→ Required work
The answer must be every line below that holds the word "against".

→ Records for the exercise
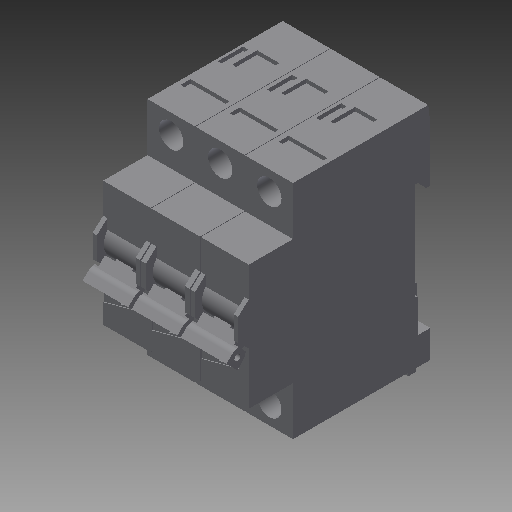
# Autodesk Inventor part: 278851
Saved by Autodesk Inventor 2019.3 (Build 233278000, 278)
## iProperties
Category: PARTsolutions
Company: MOELLER
Created: 2018-10-25
Part Number: 278851
Material: Generic
Catalog Web Link: www.cadenas.de
Description: Miniature Circuit Breakers (MCBs)-
Vendor: MOELLER
Document SubType Name: Modeling
Designer: psadmin
Manufacturer: MOELLER
Mass: 231.527 g
Surface Area: 307.241 cm^2
Volume: 231.527 cm^3
Density: 1 g/cm^3
Appearance: PSOLRGB-175-175-175
PSOL_IDENT_0: {$CADENAS_DATA\23d-libs\moeller\1549\1551\1553\1560.prj},194 {VTYP=3D},{NB=278851},{LINA=278851},{NN=
PSOL_IDENT_1: Miniature Circuit Breakers (MCBs)},{DATE=04.10.2018 12:16:38},{GEOMDATE=04.10.2018 08:29:25},{VERSIO
PSOL_IDENT_2: N=v181004082925},{LINEID=9300},{WBVAR=},{WBNUMERIC=}  {NB=278851},{LINA=278851},{KT=DUMMY},{PFOTO=sg
PSOL_IDENT_3: 53412.jpg},{PLID=278851},{DATA_SHEET=Data sheet},{MANUTYPEDESC=FAZ-B40/3},{DESCSHORT=Miniature circu
PSOL_IDENT_4: it breaker (MCB), 40A, 3p, B-Char, AC},{DESCLONG=Miniature circuit breaker (MCB) FAZ, 3 pole, Trippi
PSOL_IDENT_5: ng characteristic: B, Rated current In: 40 A, Switchgear for industrial and advanced commercial appl
PSOL_IDENT_6: ications},{EAN=4015082788513},{ECLASS_8_1=27-14-19-01},{PACKAGED_WEIGHT=0.350},{DATA_SHEET_=http://d
PSOL_IDENT_7: atasheet.moeller.net/datasheet.php?model=278851&locale=en_GB},{DATA_SHEET_ENG=http://datasheet.moell
PSOL_IDENT_8: er.net/datasheet.php?model=278851&locale=en_GB},{DATA_SHEET_DEU=http://datasheet.moeller.net/datashe
PSOL_IDENT_9: et.php?model=278851&locale=de_DE}
NN: Miniature Circuit Breakers (MCBs)
NB: 278851
NBSYN: $PLID.
LINA: 278851
PFOTO: sg53412.jpg
PLID: 278851
DATA_SHEET: Data sheet
MANUTYPEDESC: FAZ-B40/3
DESCSHORT: Miniature circuit breaker (MCB), 40A, 3p, B-Char, AC
DESCLONG: Miniature circuit breaker (MCB) FAZ, 3 pole, Tripping characteristic: B, Rated current In: 40 A, Switchgear for industrial and advanced commercial applications
EAN: 4015082788513
ECLASS_8_1: 27-14-19-01
PACKAGED_WEIGHT: 0.35
SUPPLIER: MOELLER
ARTICLENO: 278851
BOMINFO: 278851
CREATOR: CADENAS GmbH
Title: 278851
Author: Cadenas PARTsolutions
Autodesk Inventor part; units mm, degrees
ref_plane "YZ Plane" through (0, 0, 0) normal (1, 0, 0) x (0, 1, 0)
ref_plane "XZ Plane" through (0, 0, 0) normal (0, 1, 0) x (-1, 0, 0)
ref_plane "XY Plane" through (0, 0, 0) normal (0, 0, 1) x (1, 0, 0)
sketch "Sketch_1" plane through (26.25, 0, 0) normal (1, 0, 0) x (0, 0, -1)
  line L0 (-63.8, 8.1) -> (-63.8, -0.1)
  line L1 (-63.8, -0.1) -> (-60, -3.6)
  line L2 (-60, -3.6) -> (-60, -22.5)
  line L3 (-60, -22.5) -> (-44, -22.5)
  line L4 (-44, -22.5) -> (-44, -40)
  line L5 (-44, -40) -> (5.5, -40)
  line L6 (5.5, -40) -> (5.5, -30)
  line L7 (5.5, -30) -> (1, -30)
  line L8 (1, -30) -> (1, -18.1)
  arc A0 (1, -18.1) -> (0.7, -17.8) centre (0.7, -18.1) ccw
  line L9 (0.7, -17.8) -> (0, -17.8)
  line L10 (0, -17.8) -> (0, 17.5)
  line L11 (0, 17.5) -> (1, 17.5)
  line L12 (1, 17.5) -> (4, 14.5)
  line L13 (4, 14.5) -> (5.5, 14.5)
  line L14 (5.5, 14.5) -> (5.5, 34)
  line L15 (5.5, 34) -> (4.7633, 40)
  line L16 (4.7633, 40) -> (-44, 40)
  line L17 (-44, 40) -> (-44, 22.5)
  line L18 (-44, 22.5) -> (-60, 22.5)
  line L19 (-60, 22.5) -> (-60, 11.6)
  line L20 (-60, 11.6) -> (-63.8, 8.1)
  constraints: 42 end point, 2 point on circle, 1 centre point
extrude "Extrusion1" add sketch "Sketch_1" along normal mid plane 17.5
sketch "Sketch_22" plane through (26.25, 0, 0) normal (1, 0, 0) x (0, 0, -1)
  line L0 (-59.8, -22.3) -> (-43.8, -22.3)
  line L1 (-43.8, -22.3) -> (-43.8, -39.8)
  line L2 (-43.8, -39.8) -> (5.3, -39.8)
  line L3 (5.3, -39.8) -> (5.3, -30.2)
  line L4 (5.3, -30.2) -> (0.8, -30.2)
  line L5 (0.8, -30.2) -> (0.8, -18.3)
  arc A0 (0.8, -18.3) -> (0.5, -18) centre (0.5, -18.3) ccw
  line L6 (0.5, -18) -> (-0.2, -18)
  line L7 (-0.2, -18) -> (-0.2, 17.7)
  line L8 (-0.2, 17.7) -> (1, 17.7)
  line L9 (1, 17.7) -> (4, 14.7)
  line L10 (4, 14.7) -> (5.3, 14.7)
  line L11 (5.3, 14.7) -> (5.3, 34)
  line L12 (5.3, 34) -> (4.5878, 39.8)
  line L13 (4.5878, 39.8) -> (-43.8, 39.8)
  line L14 (-43.8, 39.8) -> (-43.8, 22.3)
  line L15 (-43.8, 22.3) -> (-59.8, 22.3)
  line L16 (-59.8, 22.3) -> (-59.8, -22.3)
  constraints: 34 end point, 2 point on circle, 1 centre point
extrude "Extrusion2" add sketch "Sketch_22" along normal mid plane 35.4
sketch "Sketch_5" plane through (0, 0, 0) normal (0, 1, 0) x (-1, 0, 0)
  line L0 (-18.55, 19.5) -> (-20.4801, 19.5)
  line L1 (-20.4801, 19.5) -> (-20.4801, 10.4)
  line L2 (-20.4801, 10.4) -> (-18.55, 10.4)
  line L3 (-18.55, 10.4) -> (-18.55, 19.5)
  constraints: 8 end point
extrude "Extrusion3" cut sketch "Sketch_5" along normal mid plane 100
sketch "Sketch_6" plane through (0, 0, 0) normal (0, 1, 0) x (-1, 0, 0)
  line L0 (-22.25, 18) -> (-30.25, 18)
  line L1 (-30.25, 18) -> (-30.25, 9)
  line L2 (-30.25, 9) -> (-22.25, 9)
  line L3 (-22.25, 9) -> (-22.25, 18)
  constraints: 8 end point
extrude "Extrusion4" cut sketch "Sketch_6" along normal mid plane 100
sketch "Sketch_7" plane through (0, 0, 0) normal (0, 1, 0) x (-1, 0, 0)
  line L0 (-19.25, 33.6) -> (-33.25, 33.6)
  line L1 (-33.25, 33.6) -> (-33.25, 30)
  line L2 (-33.25, 30) -> (-19.25, 30)
  line L3 (-19.25, 30) -> (-19.25, 33.6)
  constraints: 8 end point
extrude "Extrusion5" cut sketch "Sketch_7" along normal mid plane 100
sketch "Sketch_8" plane through (0, 0, 0) normal (0, 1, 0) x (-1, 0, 0)
  line L0 (-18.25, 38) -> (-33.75, 38)
  line L1 (-33.75, 38) -> (-33.75, 8)
  line L2 (-33.75, 8) -> (-18.25, 8)
  line L3 (-18.25, 8) -> (-18.25, 38)
  constraints: 8 end point
extrude "Extrusion6" add sketch "Sketch_8" along normal mid plane 77.2
sketch "Sketch_19" plane through (0, 0, 60) normal (0, 0, 1) x (1, 0, 0)
  line L0 (17.55, -15.4982) -> (31.7251, -11.7)
  line L1 (31.7251, -11.7) -> (17.55, -7.9018)
  line L2 (17.55, -7.9018) -> (17.55, -15.4982)
  constraints: 6 end point
extrude "Extrusion7" cut sketch "Sketch_19" along normal mid plane 0.6
sketch "Sketch_20" plane through (0, 0, 60) normal (0, 0, 1) x (1, 0, 0)
  line L0 (23.45, -13.3345) -> (29.55, -11.7)
  line L1 (29.55, -11.7) -> (23.45, -10.0655)
  line L2 (23.45, -10.0655) -> (23.45, -13.3345)
  constraints: 6 end point
extrude "Extrusion8" cut sketch "Sketch_20" against normal blind 0.8
sketch "Sketch_24" plane through (43.95, 0, 0) normal (1, 0, 0) x (0, 0, -1)
  line L0 (-63.8, 8.1) -> (-63.8, -0.1)
  line L1 (-63.8, -0.1) -> (-60, -3.6)
  line L2 (-60, -3.6) -> (-60, -22.5)
  line L3 (-60, -22.5) -> (-44, -22.5)
  line L4 (-44, -22.5) -> (-44, -40)
  line L5 (-44, -40) -> (5.5, -40)
  line L6 (5.5, -40) -> (5.5, -30)
  line L7 (5.5, -30) -> (1, -30)
  line L8 (1, -30) -> (1, -18.1)
  arc A0 (1, -18.1) -> (0.7, -17.8) centre (0.7, -18.1) ccw
  line L9 (0.7, -17.8) -> (0, -17.8)
  line L10 (0, -17.8) -> (0, 17.5)
  line L11 (0, 17.5) -> (1, 17.5)
  line L12 (1, 17.5) -> (4, 14.5)
  line L13 (4, 14.5) -> (5.5, 14.5)
  line L14 (5.5, 14.5) -> (5.5, 34)
  line L15 (5.5, 34) -> (4.7633, 40)
  line L16 (4.7633, 40) -> (-44, 40)
  line L17 (-44, 40) -> (-44, 22.5)
  line L18 (-44, 22.5) -> (-60, 22.5)
  line L19 (-60, 22.5) -> (-60, 11.6)
  line L20 (-60, 11.6) -> (-63.8, 8.1)
  constraints: 42 end point, 2 point on circle, 1 centre point
extrude "Extrusion9" add sketch "Sketch_24" along normal mid plane 17.1
sketch "Sketch_25" plane through (43.95, 0, 0) normal (1, 0, 0) x (0, 0, -1)
  line L0 (1.075, -16.4252) -> (1.075, -44.7)
  line L1 (1.075, -44.7) -> (3.875, -44.7)
  line L2 (3.875, -44.7) -> (3.875, -16.728)
  line L3 (3.875, -16.728) -> (1.575, -15.4001)
  line L4 (1.575, -15.4001) -> (1.075, -16.4252)
  constraints: 10 end point
extrude "Extrusion10" add sketch "Sketch_25" along normal mid plane 11
sketch "Sketch_26" plane through (43.95, 0, 0) normal (1, 0, 0) x (0, 0, -1)
  line L0 (-0.075, -18.9) -> (5.475, -18.9)
  line L1 (5.475, -18.9) -> (5.475, -17.6518)
  line L2 (5.475, -17.6518) -> (1.575, -15.4001)
  line L3 (1.575, -15.4001) -> (0.7215, -17.15)
  line L4 (0.7215, -17.15) -> (-0.075, -17.15)
  line L5 (-0.075, -17.15) -> (-0.075, -18.9)
  constraints: 12 end point
extrude "Extrusion11" add sketch "Sketch_26" along normal mid plane 4
sketch "Sketch_27" plane through (0, 0, 0) normal (0, 0, 1) x (1, 0, 0)
  arc A0 (40.7, -41.95) -> (41.45, -42.7) centre (41.45, -41.95) ccw
  line L0 (41.45, -42.7) -> (46.45, -42.7)
  arc A1 (46.45, -42.7) -> (47.2, -41.95) centre (46.45, -41.95) ccw
  line L1 (47.2, -41.95) -> (47.2, -41.3)
  arc A2 (47.2, -41.3) -> (46.9, -41) centre (46.9, -41.3) ccw
  line L2 (46.9, -41) -> (41, -41)
  arc A3 (41, -41) -> (40.7, -41.3) centre (41, -41.3) ccw
  line L3 (40.7, -41.3) -> (40.7, -41.95)
  constraints: 8 end point, 8 point on circle, 4 centre point
extrude "Extrusion12" cut sketch "Sketch_27" against normal blind 9.156
sketch "Sketch_28" plane through (0, 0, 0) normal (0, 1, 0) x (-1, 0, 0)
  line L0 (-36.25, 19.5) -> (-38.1801, 19.5)
  line L1 (-38.1801, 19.5) -> (-38.1801, 10.4)
  line L2 (-38.1801, 10.4) -> (-36.25, 10.4)
  line L3 (-36.25, 10.4) -> (-36.25, 19.5)
  constraints: 8 end point
extrude "Extrusion13" cut sketch "Sketch_28" along normal mid plane 100
sketch "Sketch_29" plane through (0, 0, 0) normal (0, 1, 0) x (-1, 0, 0)
  line L0 (-39.95, 18) -> (-47.95, 18)
  line L1 (-47.95, 18) -> (-47.95, 9)
  line L2 (-47.95, 9) -> (-39.95, 9)
  line L3 (-39.95, 9) -> (-39.95, 18)
  constraints: 8 end point
extrude "Extrusion14" cut sketch "Sketch_29" along normal mid plane 100
sketch "Sketch_30" plane through (0, 0, 0) normal (0, 1, 0) x (-1, 0, 0)
  line L0 (-36.95, 33.6) -> (-50.95, 33.6)
  line L1 (-50.95, 33.6) -> (-50.95, 30)
  line L2 (-50.95, 30) -> (-36.95, 30)
  line L3 (-36.95, 30) -> (-36.95, 33.6)
  constraints: 8 end point
extrude "Extrusion15" cut sketch "Sketch_30" along normal mid plane 100
sketch "Sketch_31" plane through (0, 0, 0) normal (0, 1, 0) x (-1, 0, 0)
  line L0 (-35.75, 38) -> (-51.25, 38)
  line L1 (-51.25, 38) -> (-51.25, 8)
  line L2 (-51.25, 8) -> (-35.75, 8)
  line L3 (-35.75, 8) -> (-35.75, 38)
  constraints: 8 end point
extrude "Extrusion16" add sketch "Sketch_31" along normal mid plane 77.2
sketch "Sketch_9" plane through (8.55, 0, 0) normal (1, 0, 0) x (0, 0, -1)
  line L0 (-63.8, 8.1) -> (-63.8, -0.1)
  line L1 (-63.8, -0.1) -> (-60, -3.6)
  line L2 (-60, -3.6) -> (-60, -22.5)
  line L3 (-60, -22.5) -> (-44, -22.5)
  line L4 (-44, -22.5) -> (-44, -40)
  line L5 (-44, -40) -> (5.5, -40)
  line L6 (5.5, -40) -> (5.5, -30)
  line L7 (5.5, -30) -> (1, -30)
  line L8 (1, -30) -> (1, -18.1)
  arc A0 (1, -18.1) -> (0.7, -17.8) centre (0.7, -18.1) ccw
  line L9 (0.7, -17.8) -> (0, -17.8)
  line L10 (0, -17.8) -> (0, 17.5)
  line L11 (0, 17.5) -> (1, 17.5)
  line L12 (1, 17.5) -> (4, 14.5)
  line L13 (4, 14.5) -> (5.5, 14.5)
  line L14 (5.5, 14.5) -> (5.5, 34)
  line L15 (5.5, 34) -> (4.7633, 40)
  line L16 (4.7633, 40) -> (-44, 40)
  line L17 (-44, 40) -> (-44, 22.5)
  line L18 (-44, 22.5) -> (-60, 22.5)
  line L19 (-60, 22.5) -> (-60, 11.6)
  line L20 (-60, 11.6) -> (-63.8, 8.1)
  constraints: 42 end point, 2 point on circle, 1 centre point
extrude "Extrusion17" add sketch "Sketch_9" along normal mid plane 17.1
sketch "Sketch_10" plane through (8.55, 0, 0) normal (1, 0, 0) x (0, 0, -1)
  line L0 (1.075, -16.4252) -> (1.075, -44.7)
  line L1 (1.075, -44.7) -> (3.875, -44.7)
  line L2 (3.875, -44.7) -> (3.875, -16.728)
  line L3 (3.875, -16.728) -> (1.575, -15.4001)
  line L4 (1.575, -15.4001) -> (1.075, -16.4252)
  constraints: 10 end point
extrude "Extrusion18" add sketch "Sketch_10" along normal mid plane 11
sketch "Sketch_11" plane through (8.55, 0, 0) normal (1, 0, 0) x (0, 0, -1)
  line L0 (-0.075, -18.9) -> (5.475, -18.9)
  line L1 (5.475, -18.9) -> (5.475, -17.6518)
  line L2 (5.475, -17.6518) -> (1.575, -15.4001)
  line L3 (1.575, -15.4001) -> (0.7215, -17.15)
  line L4 (0.7215, -17.15) -> (-0.075, -17.15)
  line L5 (-0.075, -17.15) -> (-0.075, -18.9)
  constraints: 12 end point
extrude "Extrusion19" add sketch "Sketch_11" along normal mid plane 4
sketch "Sketch_12" plane through (0, 0, 0) normal (0, 0, 1) x (1, 0, 0)
  arc A0 (5.3, -41.95) -> (6.05, -42.7) centre (6.05, -41.95) ccw
  line L0 (6.05, -42.7) -> (11.05, -42.7)
  arc A1 (11.05, -42.7) -> (11.8, -41.95) centre (11.05, -41.95) ccw
  line L1 (11.8, -41.95) -> (11.8, -41.3)
  arc A2 (11.8, -41.3) -> (11.5, -41) centre (11.5, -41.3) ccw
  line L2 (11.5, -41) -> (5.6, -41)
  arc A3 (5.6, -41) -> (5.3, -41.3) centre (5.6, -41.3) ccw
  line L3 (5.3, -41.3) -> (5.3, -41.95)
  constraints: 8 end point, 8 point on circle, 4 centre point
extrude "Extrusion20" cut sketch "Sketch_12" along normal mid plane 10
sketch "Sketch_2" plane through (0, 0, 0) normal (0, 0, 1) x (1, 0, 0)
  line L0 (2.55, -40) -> (2.55, -50)
  line L1 (2.55, -50) -> (49.95, -50)
  line L2 (49.95, -50) -> (49.95, -40)
  line L3 (49.95, -40) -> (48.95, -40)
  line L4 (48.95, -40) -> (48.95, -48)
  line L5 (48.95, -48) -> (38.95, -48)
  line L6 (38.95, -48) -> (38.95, -40)
  line L7 (38.95, -40) -> (37.95, -40)
  line L8 (37.95, -40) -> (37.95, -48)
  line L9 (37.95, -48) -> (14.55, -48)
  line L10 (14.55, -48) -> (14.55, -40)
  line L11 (14.55, -40) -> (13.55, -40)
  line L12 (13.55, -40) -> (13.55, -48)
  line L13 (13.55, -48) -> (3.55, -48)
  line L14 (3.55, -48) -> (3.55, -40)
  line L15 (3.55, -40) -> (2.55, -40)
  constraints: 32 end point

→ Solution
extrude "Extrusion8" cut sketch "Sketch_20" against normal blind 0.8
extrude "Extrusion12" cut sketch "Sketch_27" against normal blind 9.156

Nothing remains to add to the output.